MMLF: Multi-modal Multi-class Late Fusion for Object Detection with Uncertainty Estimation
This work addresses the need for reliable and transparent object detection in autonomous driving, though it appears incremental as it builds on existing late fusion techniques.
The paper tackles the problem of multi-modal object detection for autonomous driving by proposing a late fusion method that integrates information from multiple modalities at the decision level, resulting in substantial performance improvements on the KITTI validation and test datasets.

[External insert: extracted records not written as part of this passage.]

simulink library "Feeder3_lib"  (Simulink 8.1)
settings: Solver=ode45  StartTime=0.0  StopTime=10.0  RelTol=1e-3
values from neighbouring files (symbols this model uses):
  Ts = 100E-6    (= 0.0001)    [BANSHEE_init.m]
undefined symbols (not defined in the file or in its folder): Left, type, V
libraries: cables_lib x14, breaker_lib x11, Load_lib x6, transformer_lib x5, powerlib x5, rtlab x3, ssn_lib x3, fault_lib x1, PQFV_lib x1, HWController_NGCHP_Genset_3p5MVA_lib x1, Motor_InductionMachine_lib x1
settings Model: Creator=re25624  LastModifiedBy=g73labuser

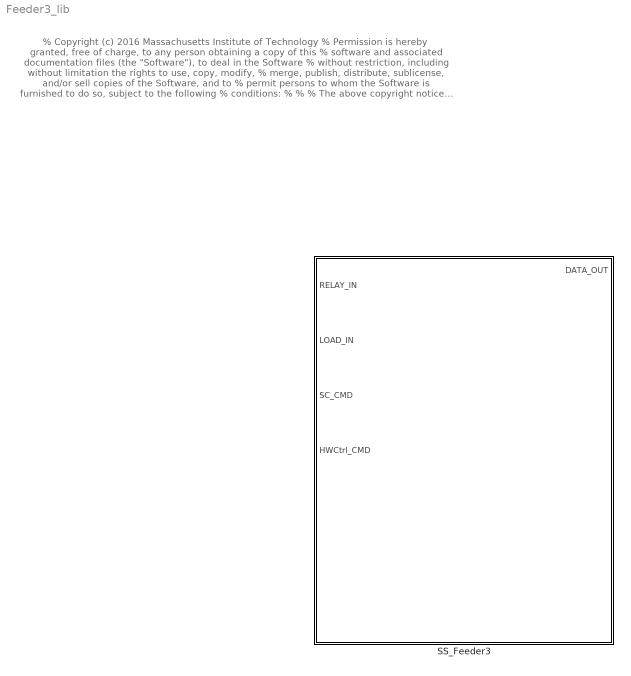
== system Feeder3_lib ==
  note: % Copyright (c) 2016 Massachusetts Institute of Technology
      | % Permission is hereby granted, free of charge, to any person obtaining a copy of this
      | % software and associated documentation files (the "Software"), to deal in the Software
      | % without restriction, including without limitation the rights to use, copy, modify,
      | % merge, publish, distribute, sublicense, and/or sell copies of the Software, and to
      | % permit persons to whom the Software is furnished to do so, subject to the following
      | % conditions:
      | %
      | %
      | % The above copyright notice and this permission notice shall be included in
      | % all copies or substantial portions of the Software.
      | %
      | % THE SOFTWARE IS PROVIDED "AS IS", WITHOUT WARRANTY OF ANY KIND, EXPRESS OR IMPLIED,
      | % INCLUDING BUT NOT LIMITED TO THE WARRANTIES OF MERCHANTABILITY, FITNESS FOR A
      | % PARTICULAR PURPOSE AND NONINFRINGEMENT. IN NO EVENT SHALL THE AUTHORS OR COPYRIGHT
      | % HOLDERS BE LIABLE FOR ANY CLAIM, DAMAGES OR OTHER LIABILITY, WHETHER IN AN ACTION
      | % OF CONTRACT, TORT OR OTHERWISE, ARISING FROM, OUT OF OR IN CONNECTION WITH THE
      | % SOFTWARE OR THE USE OR OTHER DEALINGS IN THE SOFTWARE.
      | %
      | %
      | %%
  SS_Feeder3 : Subsystem

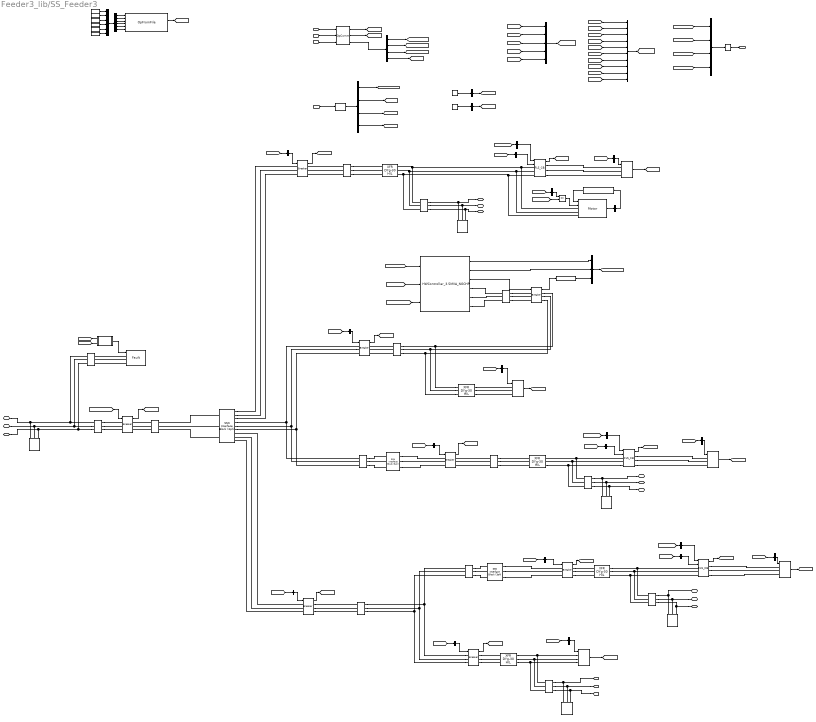
== system Feeder3_lib/SS_Feeder3 ==
  note: % Copyright (c) 2016 Massachusetts Institute of Technology
      | % Permission is hereby granted, free of charge, to any person obtaining a copy of this
      | % software and associated documentation files (the "Software"), to deal in the Software
      | % without restriction, including without limitation the rights to use, copy, modify,
      | % merge, publish, distribute, sublicense, and/or sell copies of the Software, and to
      | % permit persons to whom the Software is furnished to do so, subject to the following
      | % conditions:
      | %
      | %
      | % The above copyright notice and this permission notice shall be included in
      | % all copies or substantial portions of the Software.
      | %
      | % THE SOFTWARE IS PROVIDED "AS IS", WITHOUT WARRANTY OF ANY KIND, EXPRESS OR IMPLIED,
      | % INCLUDING BUT NOT LIMITED TO THE WARRANTIES OF MERCHANTABILITY, FITNESS FOR A
      | % PARTICULAR PURPOSE AND NONINFRINGEMENT. IN NO EVENT SHALL THE AUTHORS OR COPYRIGHT
      | % HOLDERS BE LIABLE FOR ANY CLAIM, DAMAGES OR OTHER LIABILITY, WHETHER IN AN ACTION
      | % OF CONTRACT, TORT OR OTHERWISE, ARISING FROM, OUT OF OR IN CONNECTION WITH THE
      | % SOFTWARE OR THE USE OR OTHER DEALINGS IN THE SOFTWARE.
      | %
      | %
      | %%
  note: connect to F1
  note: connect to F2
  note: connect to F2
  note: connect to F2
  note: Signal for this Cb will come from a SEL relay
  RELAY_IN : Inport
  LOAD_IN : Inport  Port=2
  SC_CMD : Inport  Port=3
  HWCtrl_CMD : Inport  Port=4
  1000 kVA : transformer_lib/XFR DYg-30 HIL  Rating=1000  Vp=13800  Vs=480  Z=5.56  XR=5.49
  1000 kVA1 : transformer_lib/XFR DYg-30 HIL  Rating=1000  Vp=13800  Vs=480  Z=5.56  XR=5.49
  200 HP chiller compressor : Load_lib/200 HP chiller compressor
  2000 kVA : transformer_lib/XFR DYg-30 HIL  Rating=2000  Vp=13800  Vs=480  Z=5.75  XR=5.7
  2000 kVA1 : transformer_lib/XFR DYg-30 HIL  Rating=2000  Vp=13800  Vs=480  Z=5.75  XR=5.7
  2500 kVA : transformer_lib/XFR DYg-30 HIL  Rating=2500  Vp=13800  Vs=480  Z=5.75  XR=6.6
  4/0AWG-Mutual : cables_lib/4//0AWG-Mutual  length=100  par_sets=1  ratio=3
  448 kvar inductor at 13.8kV  to cancel kvar produced by the stublines1 : powerlib/Elements/Three-Phase Parallel RLC Load  LConnTagsString=A|B|C  Configuration=Y (grounded)  NominalVoltage=13800  NominalFrequency=60  ActivePower=0  InductivePower=448e3  CapacitivePower=0  Measurements=None  LoadType=constant Z
  5 kvar inductor at 480V  to cancel kvar produced by the stublines : powerlib/Elements/Three-Phase Parallel RLC Load  LConnTagsString=A|B|C  Configuration=Y (grounded)  NominalVoltage=480  NominalFrequency=60  ActivePower=0  InductivePower=5e3  CapacitivePower=0  Measurements=None  LoadType=constant Z
  500kcmil-Mutual{1..2,4,7,9} (5 alike) : cables_lib/500kcmil-Mutual  length=10  par_sets=1  ratio=3
  500kcmil-Mutual3 : cables_lib/500kcmil-Mutual  length=100  par_sets=1  ratio=3
  500kcmil-Mutual5 : cables_lib/500kcmil-Mutual  length=1000  par_sets=1  ratio=3
  6 kvar inductor at 480V  to cancel kvar produced by the stublines1 : powerlib/Elements/Three-Phase Parallel RLC Load  LConnTagsString=A|B|C  Configuration=Y (grounded)  NominalVoltage=480  NominalFrequency=60  ActivePower=0  InductivePower=6e3  CapacitivePower=0  Measurements=None  LoadType=constant Z
  6 kvar inductor at 480V  to cancel kvar produced by the stublines2 : powerlib/Elements/Three-Phase Parallel RLC Load  LConnTagsString=A|B|C  Configuration=Y (grounded)  NominalVoltage=480  NominalFrequency=60  ActivePower=0  InductivePower=6e3  CapacitivePower=0  Measurements=None  LoadType=constant Z
  6 kvar inductor at 480V  to cancel kvar produced by the stublines3 : powerlib/Elements/Three-Phase Parallel RLC Load  LConnTagsString=A|B|C  Configuration=Y (grounded)  NominalVoltage=480  NominalFrequency=60  ActivePower=0  InductivePower=6e3  CapacitivePower=0  Measurements=None  LoadType=constant Z
  Bus Creator : BusCreator  Inputs=1
  Bus Creator1 : BusCreator  Inputs=1
  Bus Creator2 : BusCreator
  Bus Creator3 : BusCreator  Inputs=5
  Bus Creator5 : BusCreator  Inputs=10
  Bus Creator6 : BusCreator  Inputs=3
  Bus Selector : BusSelector  OutputSignals=motor_2
  Bus Selector1 : BusSelector  OutputSignals=F3_CB_4
  Bus Selector10 : BusSelector  OutputSignals=F3_CB_5
  Bus Selector11 : BusSelector  OutputSignals=P6
  Bus Selector12 : BusSelector  OutputSignals=F3_CB_9
  Bus Selector13 : BusSelector  OutputSignals=F3_CB_3
  Bus Selector14 : BusSelector  OutputSignals=F3_CB_8
  Bus Selector15 : BusSelector  OutputSignals=IO ctrl.16 DOUT GR3.CHP_SIM_Cmds,motor_ONOFF.F3_motor_ONOFF,fault_cmd,GridStatusCtrl.Grid_F3.Logic_trip
  Bus Selector16 : BusSelector  OutputSignals=HWCtrl.NGCHP_Gen1,HWCtrl.SEL751_LogicTrip.F3.Logic_trip,HWCtrl.SEL2440_FLS,TestSeq
  Bus Selector17 : BusSelector  OutputSignals=RPM
  Bus Selector18 : BusSelector  OutputSignals=CB309
  Bus Selector19 : BusSelector  OutputSignals=CB307
  Bus Selector2 : BusSelector  OutputSignals=C6
  Bus Selector20 : BusSelector  OutputSignals=CB308
  Bus Selector3 : BusSelector  OutputSignals=P4
  Bus Selector4 : BusSelector  OutputSignals=I6
  Bus Selector5 : BusSelector  OutputSignals=C5
  Bus Selector6 : BusSelector  OutputSignals=F3_CB_2
  Bus Selector7 : BusSelector  OutputSignals=F3_CB_7
  Bus Selector8 : BusSelector  OutputSignals=F3_CB_6
  Bus Selector9 : BusSelector  OutputSignals=F3_CB_1
  C1 : cables_lib/500kcmil-Mutual  length=10  par_sets=1  ratio=3
  C2 : cables_lib/500kcmil-Mutual  length=10  par_sets=1  ratio=3
  C301 : cables_lib/500kcmil-Mutual  length=2500  par_sets=1  ratio=3
  C302 : cables_lib/4//0AWG-Mutual  length=2000  par_sets=1  ratio=3
  C303 : cables_lib/500kcmil-Mutual  length=2000  par_sets=1  ratio=3
  C304 : cables_lib/4//0AWG-Mutual  length=1500  par_sets=2  ratio=3
  CB closed : Constant
  CB open : Constant  Value=0
  Critical_5 : Load_lib/Dynamic_Load  V=480  kVA=1000  PF=0.9  Ts=Ts
  Critical_6 : Load_lib/Dynamic_Load  V=480  kVA=800  PF=0.9  Ts=Ts
  Demux2 : Demux  Outputs=6
  F3_CB_{1..6} (6 alike) : breaker_lib/Breaker  Ts=Ts  mech_delay=cb_mech_delay
  F3_CB_7 : breaker_lib/FLS_CB  Ts=Ts  mech_delay=cb_mech_delay
  F3_CB_8 : breaker_lib/FLS_CB  Ts=Ts  mech_delay=cb_mech_delay
  F3_CB_9 : breaker_lib/FLS_CB  Ts=Ts  mech_delay=cb_mech_delay
  F3_GCB : breaker_lib/Breaker  Ts=Ts  mech_delay=cb_mech_delay
  F3_PCC : breaker_lib/Breaker  Ts=Ts  mech_delay=cb_mech_delay
  Fault_4 : fault_lib/Fault  FaultResistance=0.5  GroundResistance=1.73  SnubberResistance=1E6
  Genset_PQFV : PQFV_lib/Genset_PQFV  VRMSLL=13800  Ts=Ts
  HWController_3.5MVA_NGCHP : HWController_NGCHP_Genset_3p5MVA_lib/HWController_3.5MVA_NGCHP
  "Interpolation " : Constant
  Interruptible_6 : Load_lib/Dynamic_Load  V=480  kVA=600  PF=0.9  Ts=Ts
  Logical Operator : Logic  Operator=OR  AllPortsSameDT=off  OutDataTypeStr=boolean
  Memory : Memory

Autonomous driving necessitates advanced object detection techniques that integrate information from multiple modalities to overcome the limitations associated with single-modal approaches. The challenges of aligning diverse data in early fusion and the complexities, along with overfitting issues introduced by deep fusion, underscore the efficacy of late fusion at the decision level. Late fusion ensures seamless integration without altering the original detector's network structure. This paper introduces a pioneering Multi-modal Multi-class Late Fusion method, designed for late fusion to enable multi-class detection. Fusion experiments conducted on the KITTI validation and official test datasets illustrate substantial performance improvements, presenting our model as a versatile solution for multi-modal object detection in autonomous driving. Moreover, our approach incorporates uncertainty analysis into the classification fusion process, rendering our model more transparent and trustworthy and providing more reliable insights into category predictions.